Most people know that the Ford F Series are by far the best selling vehicle in the US year after year, decade after decade by a huge margin. The Chevy Silverado and Dodge Ram are the 2nd and 3rd best selling vehicles year after year, decade after decade.
A reasonable person would expect that there would be more of these vehicles on the road than any other vehicle in the United States. That's where you're wrong. The reliability of these 3 pickup trucks are SOOOOO BAD compared to the the actual top most common 5 vehicles on the road that there are more of those vehicles on the road than any of these three pickup trucks.
This article is a few years old but it was a REAL EYE OPENER as far as reliability and longevity of one vehicle vs another.

Rank In California Nationwide
1 Toyota Camry Toyota Camry
2 Honda Civic Nissan Altima
3 Toyota Prius Honda Accord
4 Toyota Corolla Toyota Corolla
5 Honda Accord Honda Civic
6 Nissan Altima Hyundai Sonata
7 Nissan Sentra Chevrolet Silverado
8 Hyundai Sonata Ford F150
9 Hyundai Elantra Ford Fusion
10 Nissan Versa Chevrolet Malibu

https://www.everquote.com/california/buying-selling-autos/most-popular-cars/


----------



## Amsoil Uber Connect (Jan 14, 2015)

F 150 is in the Top 5 on the do not buy used car list per Consumer Reports.

I wanted a Civic to replace the Corolla, but Corolla's are rated higher.


----------



## Another Uber Driver (May 27, 2015)

Amsoil Uber Connect said:


> F 150 is in the Top 5 on the do not buy used car list per Consumer Reports.


The problem with _Condemner Reports_ is that it likes only Toyotas, Lexus or the occasional BMW or Audi. It classifies anything else as little more than _HOON-kay._


----------



## June132017 (Jun 13, 2017)

Consumer reports might be the highest bidder? Kia was the best vehicle the one year. Did Kia make the highest bid that year?


----------



## tohunt4me (Nov 23, 2015)

Sal29 said:


> Most people know that the Ford F Series are by far the best selling vehicle in the US year after year, decade after decade by a huge margin. The Chevy Silverado and Dodge Ram are the 2nd and 3rd best selling vehicles year after year, decade after decade.
> A reasonable person would expect that there would be more of these vehicles on the road than any other vehicle in the United States. That's where you're wrong.
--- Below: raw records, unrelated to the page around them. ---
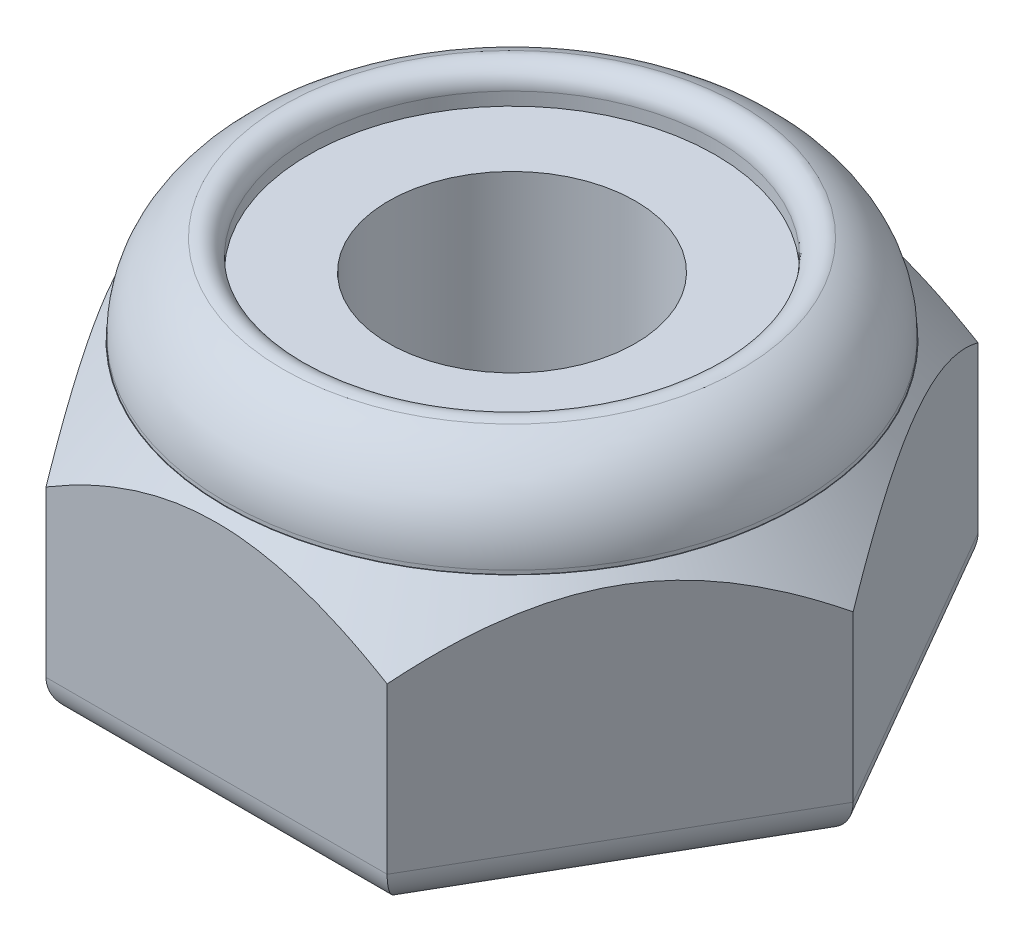
ISO-10303-21;
HEADER;
FILE_DESCRIPTION(('STEP AP214'),'2;1');
FILE_NAME('part.step','',(''),(''),'','','');
FILE_SCHEMA(('AUTOMOTIVE_DESIGN { 1 0 10303 214 1 1 1 1 }'));
ENDSEC;
DATA;
#1=APPLICATION_CONTEXT('core data for automotive mechanical design processes');
#2=APPLICATION_PROTOCOL_DEFINITION('international standard','automotive_design',2000,#1);
#3=PRODUCT_CONTEXT('',#1,'mechanical');
#4=PRODUCT('Part','Part','',(#3));
#5=PRODUCT_RELATED_PRODUCT_CATEGORY('part','',(#4));
#6=PRODUCT_DEFINITION_FORMATION('','',#4);
#7=PRODUCT_DEFINITION_CONTEXT('part definition',#1,'design');
#8=PRODUCT_DEFINITION('design','',#6,#7);
#9=PRODUCT_DEFINITION_SHAPE('','',#8);
#10=(LENGTH_UNIT() NAMED_UNIT(*) SI_UNIT(.MILLI.,.METRE.));
#11=(NAMED_UNIT(*) PLANE_ANGLE_UNIT() SI_UNIT($,.RADIAN.));
#12=(NAMED_UNIT(*) SI_UNIT($,.STERADIAN.) SOLID_ANGLE_UNIT());
#13=UNCERTAINTY_MEASURE_WITH_UNIT(LENGTH_MEASURE(1.E-05),#10,'distance_accuracy_value','');
#14=(GEOMETRIC_REPRESENTATION_CONTEXT(3) GLOBAL_UNCERTAINTY_ASSIGNED_CONTEXT((#13)) GLOBAL_UNIT_ASSIGNED_CONTEXT((#10,
#11,#12)) REPRESENTATION_CONTEXT('',''));
#15=CARTESIAN_POINT('',(0.,0.,0.));
#16=DIRECTION('',(0.,0.,1.));
#17=DIRECTION('',(1.,0.,0.));
#18=AXIS2_PLACEMENT_3D('',#15,#16,#17);
#19=CARTESIAN_POINT('',(0.,4.9784,0.));
#20=DIRECTION('',(0.,-1.,0.));
#21=DIRECTION('',(0.,0.,1.));
#22=AXIS2_PLACEMENT_3D('',#19,#20,#21);
#23=CYLINDRICAL_SURFACE('',#22,3.937);
#24=CARTESIAN_POINT('',(0.,3.7084,0.));
#25=DIRECTION('',(0.,-1.,0.));
#26=DIRECTION('',(0.,0.,-1.));
#27=AXIS2_PLACEMENT_3D('',#24,#25,#26);
#28=CIRCLE('',#27,3.937);
#29=CARTESIAN_POINT('',(0.,3.7084,-3.937));
#30=VERTEX_POINT('',#29);
#31=EDGE_CURVE('E171',#30,#30,#28,.T.);
#32=ORIENTED_EDGE('',*,*,#31,.T.);
#33=EDGE_LOOP('',(#32));
#34=FACE_BOUND('',#33,.T.);
#35=CARTESIAN_POINT('',(0.,3.6576,0.));
#36=DIRECTION('',(0.,1.,0.));
#37=DIRECTION('',(0.,0.,1.));
#38=AXIS2_PLACEMENT_3D('',#35,#36,#37);
#39=CIRCLE('',#38,3.937);
#40=CARTESIAN_POINT('',(0.,3.6576,3.937));
#41=VERTEX_POINT('',#40);
#42=EDGE_CURVE('E40',#41,#41,#39,.F.);
#43=ORIENTED_EDGE('',*,*,#42,.F.);
#44=EDGE_LOOP('',(#43));
#45=FACE_BOUND('',#44,.T.);
#46=ADVANCED_FACE('F37',(#34,#45),#23,.T.);
#47=CARTESIAN_POINT('',(0.,3.7084,0.));
#48=DIRECTION('',(0.,1.,0.));
#49=DIRECTION('',(0.,0.,-1.));
#50=AXIS2_PLACEMENT_3D('',#47,#48,#49);
#51=TOROIDAL_SURFACE('',#50,2.667,1.27);
#52=ORIENTED_EDGE('',*,*,#31,.F.);
#53=EDGE_LOOP('',(#52));
#54=FACE_BOUND('',#53,.T.);
#55=CARTESIAN_POINT('',(0.,4.88572150982644,0.));
#56=DIRECTION('',(0.,1.,0.));
#57=DIRECTION('',(0.,0.,1.));
#58=AXIS2_PLACEMENT_3D('',#55,#56,#57);
#59=CIRCLE('',#58,3.14325);
#60=CARTESIAN_POINT('',(0.,4.88572150982644,3.14325));
#61=VERTEX_POINT('',#60);
#62=EDGE_CURVE('E175',#61,#61,#59,.F.);
#63=ORIENTED_EDGE('',*,*,#62,.T.);
#64=EDGE_LOOP('',(#63));
#65=FACE_BOUND('',#64,.T.);
#66=ADVANCED_FACE('F161',(#54,#65),#51,.T.);
#67=CARTESIAN_POINT('',(2.34315,3.6576,-4.05845484975502));
#68=DIRECTION('',(0.,-1.,0.));
#69=DIRECTION('',(0.,0.,1.));
#70=AXIS2_PLACEMENT_3D('',#67,#68,#69);
#71=PLANE('',#70);
#72=ORIENTED_EDGE('',*,*,#42,.T.);
#73=EDGE_LOOP('',(#72));
#74=FACE_BOUND('',#73,.T.);
#75=CARTESIAN_POINT('',(0.,3.65760000011051,0.));
#76=DIRECTION('',(0.,1.,0.));
#77=DIRECTION('',(0.,0.,1.));
#78=AXIS2_PLACEMENT_3D('',#75,#76,#77);
#79=CIRCLE('',#78,3.94407100938664);
#80=CARTESIAN_POINT('',(0.,3.65760000011051,3.94407100938664));
#81=VERTEX_POINT('',#80);
#82=EDGE_CURVE('E133',#81,#81,#79,.T.);
#83=ORIENTED_EDGE('',*,*,#82,.T.);
#84=EDGE_LOOP('',(#83));
#85=FACE_BOUND('',#84,.T.);
#86=ADVANCED_FACE('F166',(#74,#85),#71,.F.);
#87=CARTESIAN_POINT('',(0.,4.65025720786115,0.));
#88=DIRECTION('',(0.,-1.,0.));
#89=DIRECTION('',(0.,0.,1.));
#90=AXIS2_PLACEMENT_3D('',#87,#88,#89);
#91=TOROIDAL_SURFACE('',#90,3.048,0.254);
#92=CARTESIAN_POINT('',(0.,4.65025720786115,0.));
#93=DIRECTION('',(0.,-1.,0.));
#94=DIRECTION('',(0.,0.,-1.));
#95=AXIS2_PLACEMENT_3D('',#92,#93,#94);
#96=CIRCLE('',#95,2.794);
#97=CARTESIAN_POINT('',(0.,4.65025720786115,-2.794));
#98=VERTEX_POINT('',#97);
#99=EDGE_CURVE('E130',#98,#98,#96,.F.);
#100=ORIENTED_EDGE('',*,*,#99,.F.);
#101=EDGE_LOOP('',(#100));
#102=FACE_BOUND('',#101,.T.);
#103=ORIENTED_EDGE('',*,*,#62,.F.);
#104=EDGE_LOOP('',(#103));
#105=FACE_BOUND('',#104,.T.);
#106=ADVANCED_FACE('F158',(#102,#105),#91,.T.);
#107=CARTESIAN_POINT('',(0.,2.76773860969115,0.));
#108=DIRECTION('',(0.,-1.,0.));
#109=DIRECTION('',(0.,0.,1.));
#110=AXIS2_PLACEMENT_3D('',#107,#108,#109);
#111=CONICAL_SURFACE('',#110,4.69075337389313,0.698131700802158);
#112=CARTESIAN_POINT('',(-4.68630000001476,2.77304593398821,5.3333815551093E-11));
#113=CARTESIAN_POINT('',(-4.65177717141793,2.81418235889091,-0.0597952931149053));
#114=CARTESIAN_POINT('',(-4.61695780288956,2.85432113110728,-0.120104208500933));
#115=CARTESIAN_POINT('',(-4.54666264441453,2.93230661020916,-0.241858994511412));
#116=CARTESIAN_POINT('',(-4.51118655194523,2.97015222462005,-0.303305389120424));
#117=CARTESIAN_POINT('',(-4.40329561885259,3.08018701500149,-0.490177966909938));
#118=CARTESIAN_POINT('',(-4.32983334004397,3.14837015576205,-0.617418366247689));
#119=CARTESIAN_POINT('',(-4.1797796499728,3.27092778609509,-0.877318981315214));
#120=CARTESIAN_POINT('',(-4.10317943932402,3.32525984886677,-1.00999443802899));
#121=CARTESIAN_POINT('',(-3.94747591651278,3.41577217646147,-1.27968085045525));
#122=CARTESIAN_POINT('',(-3.86837998243724,3.45200143013375,-1.4166790269463));
#123=CARTESIAN_POINT('',(-3.73746585196202,3.49372811243502,-1.64342895235813));
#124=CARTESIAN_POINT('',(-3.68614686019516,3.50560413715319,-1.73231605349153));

The reliability of these 3 pickup trucks are SOOOOO BAD compared to the the actual top most common 5 vehicles on the road that there are more of those vehicles on the road than any of these three pickup trucks.
> This article is a few years old but it was a REAL EYE OPENER as far as reliability and longevity of one vehicle vs another.
> 
> ...


It MUST be an Old list.
Nissan is on it !



Amsoil Uber Connect said:


> F 150 is in the Top 5 on the do not buy used car list per Consumer Reports.
> 
> I wanted a Civic to replace the Corolla, but Corolla's are rated higher.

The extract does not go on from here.